Oleh : Heru Susanto
Mahasiswa Universitas Muhammadiyah Tangerang
Banten yang berdekatan dengan DKI Jakarta masih mengalami surga politik bagi keluarga yang menggumpal di sekitarnya. Suhu politik di Banten tidak sepanas di Jakarta pada Pilkada yang berlangsung 15 Februari 2017 lalu.
Seorang politisi lihai bahkan bisa memanfaatkan apa yang menjadi magnet Pilkada di Jakarta. Meski terendus kebusukan dari penciuman kita. Namun di daerah ini tetap leluasa politik ‘arisan keluarga’.
Di zaman yang sudah moderen seperti ini, rata-rata yang berasal dari kalangan politis tajir membungkus ‘bau’ itu dengan berpura-pura tidak tahu, lebih gila lagi. Mereka menjadi pesulap, agar baunya menjadi harum wanginya.
Begitu lah pemandangan yang terlihat di Banten.

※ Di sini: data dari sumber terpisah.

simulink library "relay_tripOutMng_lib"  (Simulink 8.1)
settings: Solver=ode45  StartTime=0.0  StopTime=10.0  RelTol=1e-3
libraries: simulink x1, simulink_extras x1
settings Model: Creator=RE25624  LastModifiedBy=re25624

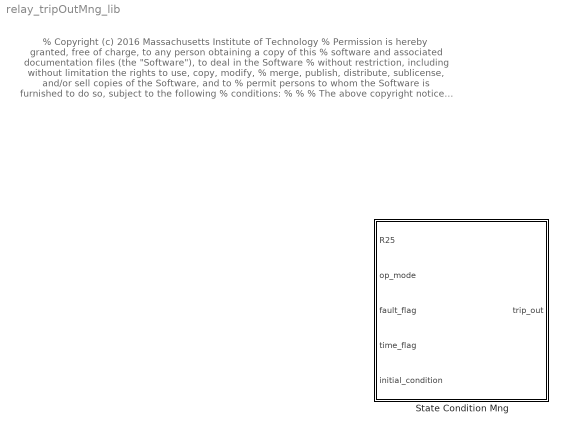
== system relay_tripOutMng_lib ==
  note: % Copyright (c) 2016 Massachusetts Institute of Technology
      | % Permission is hereby granted, free of charge, to any person obtaining a copy of this
      | % software and associated documentation files (the "Software"), to deal in the Software
      | % without restriction, including without limitation the rights to use, copy, modify,
      | % merge, publish, distribute, sublicense, and/or sell copies of the Software, and to
      | % permit persons to whom the Software is furnished to do so, subject to the following
      | % conditions:
      | %
      | %
      | % The above copyright notice and this permission notice shall be included in
      | % all copies or substantial portions of the Software.
      | %
      | % THE SOFTWARE IS PROVIDED "AS IS", WITHOUT WARRANTY OF ANY KIND, EXPRESS OR IMPLIED,
      | % INCLUDING BUT NOT LIMITED TO THE WARRANTIES OF MERCHANTABILITY, FITNESS FOR A
      | % PARTICULAR PURPOSE AND NONINFRINGEMENT. IN NO EVENT SHALL THE AUTHORS OR COPYRIGHT
      | % HOLDERS BE LIABLE FOR ANY CLAIM, DAMAGES OR OTHER LIABILITY, WHETHER IN AN ACTION
      | % OF CONTRACT, TORT OR OTHERWISE, ARISING FROM, OUT OF OR IN CONNECTION WITH THE
      | % SOFTWARE OR THE USE OR OTHER DEALINGS IN THE SOFTWARE.
      | %
      | %
      | %%
  State Condition Mng : Subsystem

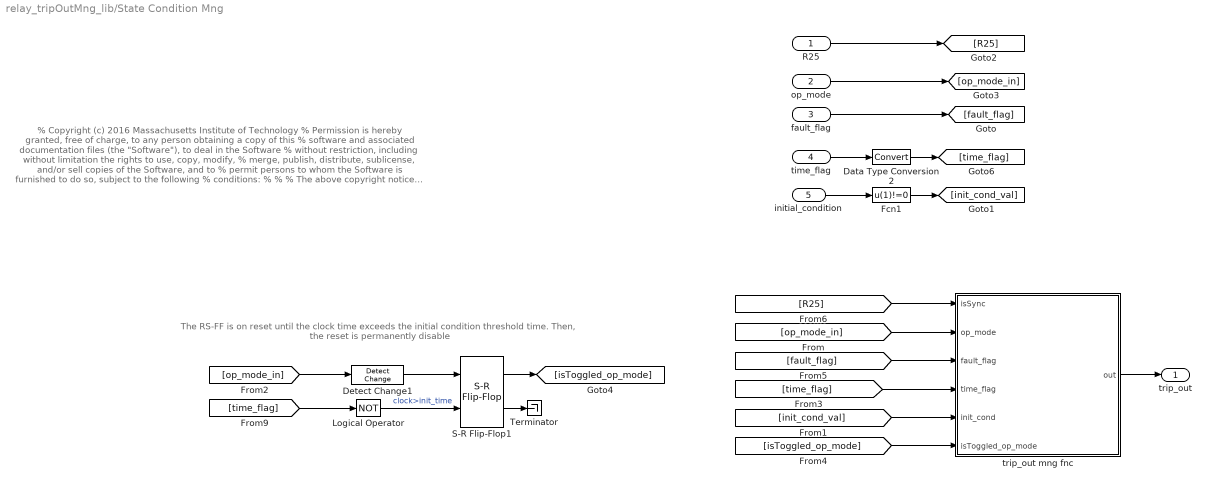
== system relay_tripOutMng_lib/State Condition Mng ==
  note: The RS-FF is on reset until the clock time exceeds the initial condition threshold time.
      | Then, the reset is permanently disable
  note: % Copyright (c) 2016 Massachusetts Institute of Technology
      | % Permission is hereby granted, free of charge, to any person obtaining a copy of this
      | % software and associated documentation files (the "Software"), to deal in the Software
      | % without restriction, including without limitation the rights to use, copy, modify,
      | % merge, publish, distribute, sublicense, and/or sell copies of the Software, and to
      | % permit persons to whom the Software is furnished to do so, subject to the following
      | % conditions:
      | %
      | %
      | % The above copyright notice and this permission notice shall be included in
      | % all copies or substantial portions of the Software.
      | %
      | % THE SOFTWARE IS PROVIDED "AS IS", WITHOUT WARRANTY OF ANY KIND, EXPRESS OR IMPLIED,
      | % INCLUDING BUT NOT LIMITED TO THE WARRANTIES OF MERCHANTABILITY, FITNESS FOR A
      | % PARTICULAR PURPOSE AND NONINFRINGEMENT. IN NO EVENT SHALL THE AUTHORS OR COPYRIGHT
      | % HOLDERS BE LIABLE FOR ANY CLAIM, DAMAGES OR OTHER LIABILITY, WHETHER IN AN ACTION
      | % OF CONTRACT, TORT OR OTHERWISE, ARISING FROM, OUT OF OR IN CONNECTION WITH THE
      | % SOFTWARE OR THE USE OR OTHER DEALINGS IN THE SOFTWARE.
      | %
      | %
      | %%
  R25 : Inport
  op_mode : Inport  Port=2
  fault_flag : Inport  Port=3
  time_flag : Inport  Port=4
  initial_condition : Inport  Port=5
  Data Type Conversion2 : DataTypeConversion
  Detect Change1 : simulink/Logic and Bit Operations/Detect Change  vinit=0  InputProcessing=Inherited  OutDataTypeStr=boolean
  Fcn1 : Fcn  Expr=u(1)!=0
  Logical Operator : Logic  Operator=NOT  AllPortsSameDT=off  OutDataTypeStr=boolean
  S-R Flip-Flop1 : simulink_extras/Flip Flops/S-R Flip-Flop  initial_condition=0
  Terminator : Terminator
  trip_out mng fnc : MATLAB Function  TreatAsAtomicUnit=on
  trip_out : Outport
  wires:
  Data Type Conversion2/1 -> [time_flag]
  Logical Operator/1 -> S-R Flip-Flop1/2  "clock>init_time"
  [time_flag] -> Logical Operator/1
  [time_flag] -> trip_out mng fnc/4(time_flag)
  [isToggled_op_mode] -> trip_out mng fnc/6(isToggled_op_mode)
  S-R Flip-Flop1/1 -> [isToggled_op_mode]
  Detect Change1/1 -> S-R Flip-Flop1/1
  fault_flag/1 -> [fault_flag]
  [fault_flag] -> trip_out mng fnc/3(fault_flag)
  trip_out mng fnc/1(out) -> trip_out/1
  op_mode/1 -> [op_mode_in]
  time_flag/1 -> Data Type Conversion2/1
  [op_mode_in] -> trip_out mng fnc/2(op_mode)
  [R25] -> trip_out mng fnc/1(isSync)
  R25/1 -> [R25]
  [op_mode_in] -> Detect Change1/1
  S-R Flip-Flop1/2 -> Terminator/1
  initial_condition/1 -> Fcn1/1
  [init_cond_val] -> trip_out mng fnc/5(init_cond)
  Fcn1/1 -> [init_cond_val]

== matlab function State Condition Mng/trip_out mng fnc ==
  data: isSync input double; op_mode input double; out output double; fault_flag input double; time_flag input double; init_cond input double; isToggled_op_mode input double
% Copyright (c) 2016 Massachusetts Institute of Technology
% Permission is hereby granted, free of charge, to any person obtaining a copy of this
% software and associated documentation files (the "Software"), to deal in the Software
% without restriction, including without limitation the rights to use, copy, modify,
% merge, publish, distribute, sublicense, and/or sell copies of the Software, and to
% permit persons to whom the Software is furnished to do so, subject to the following
% conditions:
%
%
% The above copyright notice and this permission notice shall be included in
% all copies or substantial portions of the Software.
%
% THE SOFTWARE IS PROVIDED "AS IS", WITHOUT WARRANTY OF ANY KIND, EXPRESS OR IMPLIED,
% INCLUDING BUT NOT LIMITED TO THE WARRANTIES OF MERCHANTABILITY, FITNESS FOR A
% PARTICULAR PURPOSE AND NONINFRINGEMENT. IN NO EVENT SHALL THE AUTHORS OR COPYRIGHT
% HOLDERS BE LIABLE FOR ANY CLAIM, DAMAGES OR OTHER LIABILITY, WHETHER IN AN ACTION
% OF CONTRACT, TORT OR OTHERWISE, ARISING FROM, OUT OF OR IN CONNECTION WITH THE
% SOFTWARE OR THE USE OR OTHER DEALINGS IN THE SOFTWARE.
%
%
%%

function out = opModeChk(isSync, op_mode, fault_flag, time_flag, init_cond, isToggled_op_mode)
%#codegen

% true when simulation time is greater than initial condition time
% time_flag = (clock_time > init_cond_time);
% true when "closed" initial condition and the controller toggles the relay
% operation mode to activate the logic on a "close" cmd. Basically, if the controller
% cmds the relay to close and the relay was already closed.
ctrl_on_flag = (init_cond == 1 && isToggled_op_mode == 1 && (op_mode == 0 || op_mode == 1));
% true when controller cmds the relay to close and logic is active
close_cmd_flag = ((op_mode == 0 || op_mode == 1) && isToggled_op_mode == 1);

if time_flag && fault_flag==0 && isSync==1 && (ctrl_on_flag || close_cmd_flag)
    % true when there is not faults in the relay protection zone, the
    % sync-check is active, and above flags are true
    out = 1; % close cb cmd
elseif time_flag && (fault_flag == 1 || isSync == 0 || op_mode == 2)
    % true when simulation time is greater than initial condition time and
    % there is a fault in the protection zone, or fails to sync, or ctrl cmd
    out = 0; % open cb cmd
else
    out = init_cond;
end

Sementara mereka yang betul-betul kritis, sudah setengah gila mencoba memperbaiki keadaan acap kali menjadi korban kenikmatan para politisi untuk ‘mengkerangkeng’.
Yang paling jelas, kini banyak akhirnya politikus di Banten yang mengalami ‘kemandulan’. Mereka tidak tumbuh ditempat yang dipimpin satu keluarga, satu daerah tanpa jeda itu.
Seolah tidak ada pilihan buat kita, yang mau tak mau harus ‘mencumbu’ dengan keturunan dari mereka agar bisa mengusai empuknya duduk dikursi yang menjadi perhatian itu.
Meski sempat banyak yang bersyukur dan meramal saat sang Ratu ‘dilengserkan’ oleh aparat anti rasuah. Tidak akan ada lagi romantisme arisan terbatas itu.
Namun, ramalan itu pun akhirnya meleset, karena beberapa dari mereka yang sempat bersyukur malah ikut mendirikan lagi bangunan yang sempat runtuh separuh tersebut.